Given data: Begin

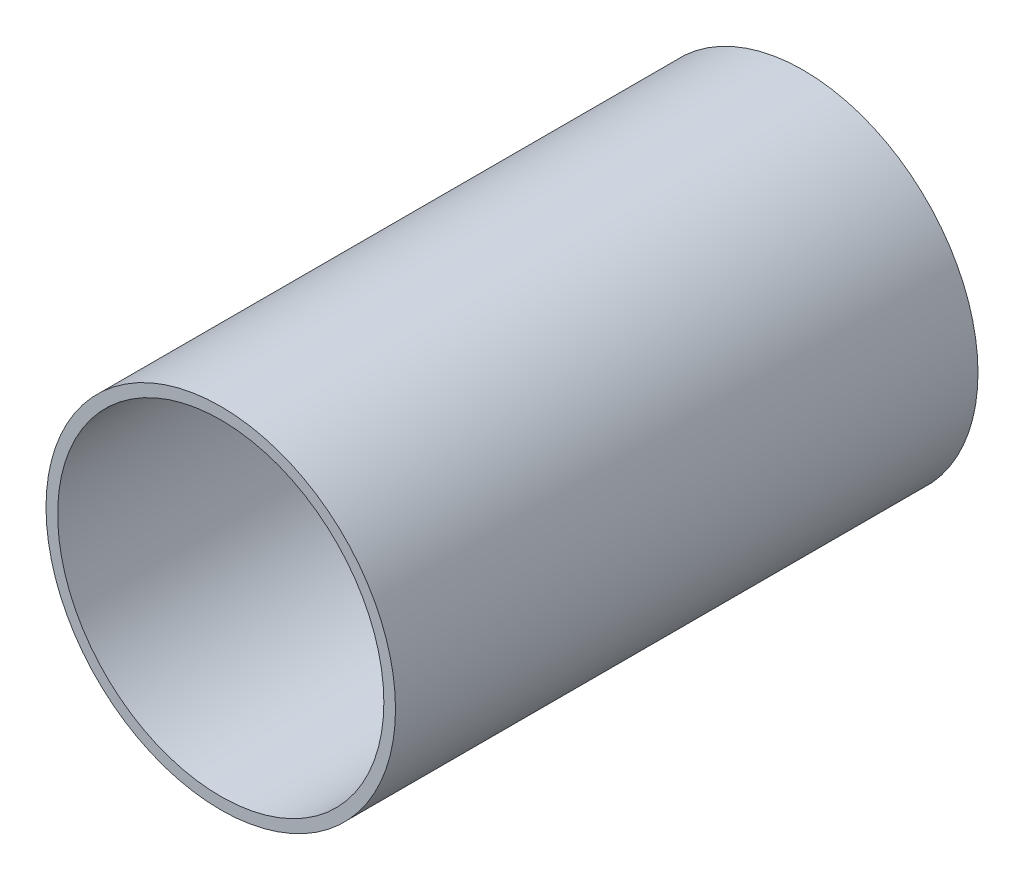
ISO-10303-21;
HEADER;
FILE_DESCRIPTION(('STEP AP214'),'2;1');
FILE_NAME('part.step','',(''),(''),'','','');
FILE_SCHEMA(('AUTOMOTIVE_DESIGN { 1 0 10303 214 1 1 1 1 }'));
ENDSEC;
DATA;
#1=APPLICATION_CONTEXT('core data for automotive mechanical design processes');
#2=APPLICATION_PROTOCOL_DEFINITION('international standard','automotive_design',2000,#1);
#3=PRODUCT_CONTEXT('',#1,'mechanical');
#4=PRODUCT('Part','Part','',(#3));
#5=PRODUCT_RELATED_PRODUCT_CATEGORY('part','',(#4));
#6=PRODUCT_DEFINITION_FORMATION('','',#4);
#7=PRODUCT_DEFINITION_CONTEXT('part definition',#1,'design');
#8=PRODUCT_DEFINITION('design','',#6,#7);
#9=PRODUCT_DEFINITION_SHAPE('','',#8);
#10=(LENGTH_UNIT() NAMED_UNIT(*) SI_UNIT(.MILLI.,.METRE.));
#11=(NAMED_UNIT(*) PLANE_ANGLE_UNIT() SI_UNIT($,.RADIAN.));
#12=(NAMED_UNIT(*) SI_UNIT($,.STERADIAN.) SOLID_ANGLE_UNIT());
#13=UNCERTAINTY_MEASURE_WITH_UNIT(LENGTH_MEASURE(1.E-05),#10,'distance_accuracy_value','');
#14=(GEOMETRIC_REPRESENTATION_CONTEXT(3) GLOBAL_UNCERTAINTY_ASSIGNED_CONTEXT((#13)) GLOBAL_UNIT_ASSIGNED_CONTEXT((#10,
#11,#12)) REPRESENTATION_CONTEXT('',''));
#15=CARTESIAN_POINT('',(0.,0.,0.));
#16=DIRECTION('',(0.,0.,1.));
#17=DIRECTION('',(1.,0.,0.));
#18=AXIS2_PLACEMENT_3D('',#15,#16,#17);
#19=CARTESIAN_POINT('',(0.,0.,150.));
#20=DIRECTION('',(0.,0.,1.));
#21=DIRECTION('',(1.,0.,0.));
#22=AXIS2_PLACEMENT_3D('',#19,#20,#21);
#23=PLANE('',#22);
#24=CARTESIAN_POINT('',(0.,0.,150.));
#25=DIRECTION('',(0.,0.,1.));
#26=DIRECTION('',(1.,0.,0.));
#27=AXIS2_PLACEMENT_3D('',#24,#25,#26);
#28=CIRCLE('',#27,45.);
#29=CARTESIAN_POINT('',(45.,0.,150.));
#30=VERTEX_POINT('',#29);
#31=EDGE_CURVE('E10',#30,#30,#28,.T.);
#32=ORIENTED_EDGE('',*,*,#31,.T.);
#33=EDGE_LOOP('',(#32));
#34=FACE_BOUND('',#33,.T.);
#35=CARTESIAN_POINT('',(0.,0.,150.));
#36=DIRECTION('',(0.,0.,1.));
#37=DIRECTION('',(1.,0.,0.));
#38=AXIS2_PLACEMENT_3D('',#35,#36,#37);
#39=CIRCLE('',#38,42.);
#40=CARTESIAN_POINT('',(42.,0.,150.));
#41=VERTEX_POINT('',#40);
#42=EDGE_CURVE('E46',#41,#41,#39,.T.);
#43=ORIENTED_EDGE('',*,*,#42,.F.);
#44=EDGE_LOOP('',(#43));
#45=FACE_BOUND('',#44,.T.);
#46=ADVANCED_FACE('F35',(#34,#45),#23,.T.);
#47=CARTESIAN_POINT('',(0.,0.,0.));
#48=DIRECTION('',(0.,0.,1.));
#49=DIRECTION('',(1.,0.,0.));
#50=AXIS2_PLACEMENT_3D('',#47,#48,#49);
#51=PLANE('',#50);
#52=CARTESIAN_POINT('',(0.,0.,0.));
#53=DIRECTION('',(0.,0.,1.));
#54=DIRECTION('',(1.,0.,0.));
#55=AXIS2_PLACEMENT_3D('',#52,#53,#54);
#56=CIRCLE('',#55,45.);
#57=CARTESIAN_POINT('',(45.,0.,0.));
#58=VERTEX_POINT('',#57);
#59=EDGE_CURVE('E39',#58,#58,#56,.T.);
#60=ORIENTED_EDGE('',*,*,#59,.F.);
#61=EDGE_LOOP('',(#60));
#62=FACE_BOUND('',#61,.T.);
#63=CARTESIAN_POINT('',(0.,0.,0.));
#64=DIRECTION('',(0.,0.,1.));
#65=DIRECTION('',(1.,0.,0.));
#66=AXIS2_PLACEMENT_3D('',#63,#64,#65);
#67=CIRCLE('',#66,42.);
#68=CARTESIAN_POINT('',(42.,0.,0.));
#69=VERTEX_POINT('',#68);
#70=EDGE_CURVE('E48',#69,#69,#67,.T.);
#71=ORIENTED_EDGE('',*,*,#70,.T.);
#72=EDGE_LOOP('',(#71));
#73=FACE_BOUND('',#72,.T.);
#74=ADVANCED_FACE('F58',(#62,#73),#51,.F.);
#75=CARTESIAN_POINT('',(0.,0.,150.));
#76=DIRECTION('',(0.,0.,-1.));
#77=DIRECTION('',(-1.,0.,0.));
#78=AXIS2_PLACEMENT_3D('',#75,#76,#77);
#79=CYLINDRICAL_SURFACE('',#78,45.);
#80=ORIENTED_EDGE('',*,*,#31,.F.);
#81=EDGE_LOOP('',(#80));
#82=FACE_BOUND('',#81,.T.);
#83=ORIENTED_EDGE('',*,*,#59,.T.);
#84=EDGE_LOOP('',(#83));
#85=FACE_BOUND('',#84,.T.);
#86=ADVANCED_FACE('F37',(#82,#85),#79,.T.);
#87=CARTESIAN_POINT('',(0.,0.,150.));
#88=DIRECTION('',(0.,0.,-1.));
#89=DIRECTION('',(-1.,0.,0.));
#90=AXIS2_PLACEMENT_3D('',#87,#88,#89);
#91=CYLINDRICAL_SURFACE('',#90,42.);
#92=ORIENTED_EDGE('',*,*,#42,.T.);
#93=EDGE_LOOP('',(#92));
#94=FACE_BOUND('',#93,.T.);
#95=ORIENTED_EDGE('',*,*,#70,.F.);
#96=EDGE_LOOP('',(#95));
#97=FACE_BOUND('',#96,.T.);
#98=ADVANCED_FACE('F54',(#94,#97),#91,.F.);
#99=CLOSED_SHELL('',(#46,#74,#86,#98));
#100=MANIFOLD_SOLID_BREP('B2',#99);
#101=ADVANCED_BREP_SHAPE_REPRESENTATION('',(#18,#100),#14);
#102=SHAPE_DEFINITION_REPRESENTATION(#9,#101);
ENDSEC;
END-ISO-10303-21;

Given data: End

[About this exercise]: Taking the records above, retype every line from the one with "#44=EDGE_LOOP('',(#43));" down to the one with "#88=DIRECTION('',(0.,0.,-1.));", exactly and with nothing else.

[Final answer]:
#44=EDGE_LOOP('',(#43));
#45=FACE_BOUND('',#44,.T.);
#46=ADVANCED_FACE('F35',(#34,#45),#23,.T.);
#47=CARTESIAN_POINT('',(0.,0.,0.));
#48=DIRECTION('',(0.,0.,1.));
#49=DIRECTION('',(1.,0.,0.));
#50=AXIS2_PLACEMENT_3D('',#47,#48,#49);
#51=PLANE('',#50);
#52=CARTESIAN_POINT('',(0.,0.,0.));
#53=DIRECTION('',(0.,0.,1.));
#54=DIRECTION('',(1.,0.,0.));
#55=AXIS2_PLACEMENT_3D('',#52,#53,#54);
#56=CIRCLE('',#55,45.);
#57=CARTESIAN_POINT('',(45.,0.,0.));
#58=VERTEX_POINT('',#57);
#59=EDGE_CURVE('E39',#58,#58,#56,.T.);
#60=ORIENTED_EDGE('',*,*,#59,.F.);
#61=EDGE_LOOP('',(#60));
#62=FACE_BOUND('',#61,.T.);
#63=CARTESIAN_POINT('',(0.,0.,0.));
#64=DIRECTION('',(0.,0.,1.));
#65=DIRECTION('',(1.,0.,0.));
#66=AXIS2_PLACEMENT_3D('',#63,#64,#65);
#67=CIRCLE('',#66,42.);
#68=CARTESIAN_POINT('',(42.,0.,0.));
#69=VERTEX_POINT('',#68);
#70=EDGE_CURVE('E48',#69,#69,#67,.T.);
#71=ORIENTED_EDGE('',*,*,#70,.T.);
#72=EDGE_LOOP('',(#71));
#73=FACE_BOUND('',#72,.T.);
#74=ADVANCED_FACE('F58',(#62,#73),#51,.F.);
#75=CARTESIAN_POINT('',(0.,0.,150.));
#76=DIRECTION('',(0.,0.,-1.));
#77=DIRECTION('',(-1.,0.,0.));
#78=AXIS2_PLACEMENT_3D('',#75,#76,#77);
#79=CYLINDRICAL_SURFACE('',#78,45.);
#80=ORIENTED_EDGE('',*,*,#31,.F.);
#81=EDGE_LOOP('',(#80));
#82=FACE_BOUND('',#81,.T.);
#83=ORIENTED_EDGE('',*,*,#59,.T.);
#84=EDGE_LOOP('',(#83));
#85=FACE_BOUND('',#84,.T.);
#86=ADVANCED_FACE('F37',(#82,#85),#79,.T.);
#87=CARTESIAN_POINT('',(0.,0.,150.));
#88=DIRECTION('',(0.,0.,-1.));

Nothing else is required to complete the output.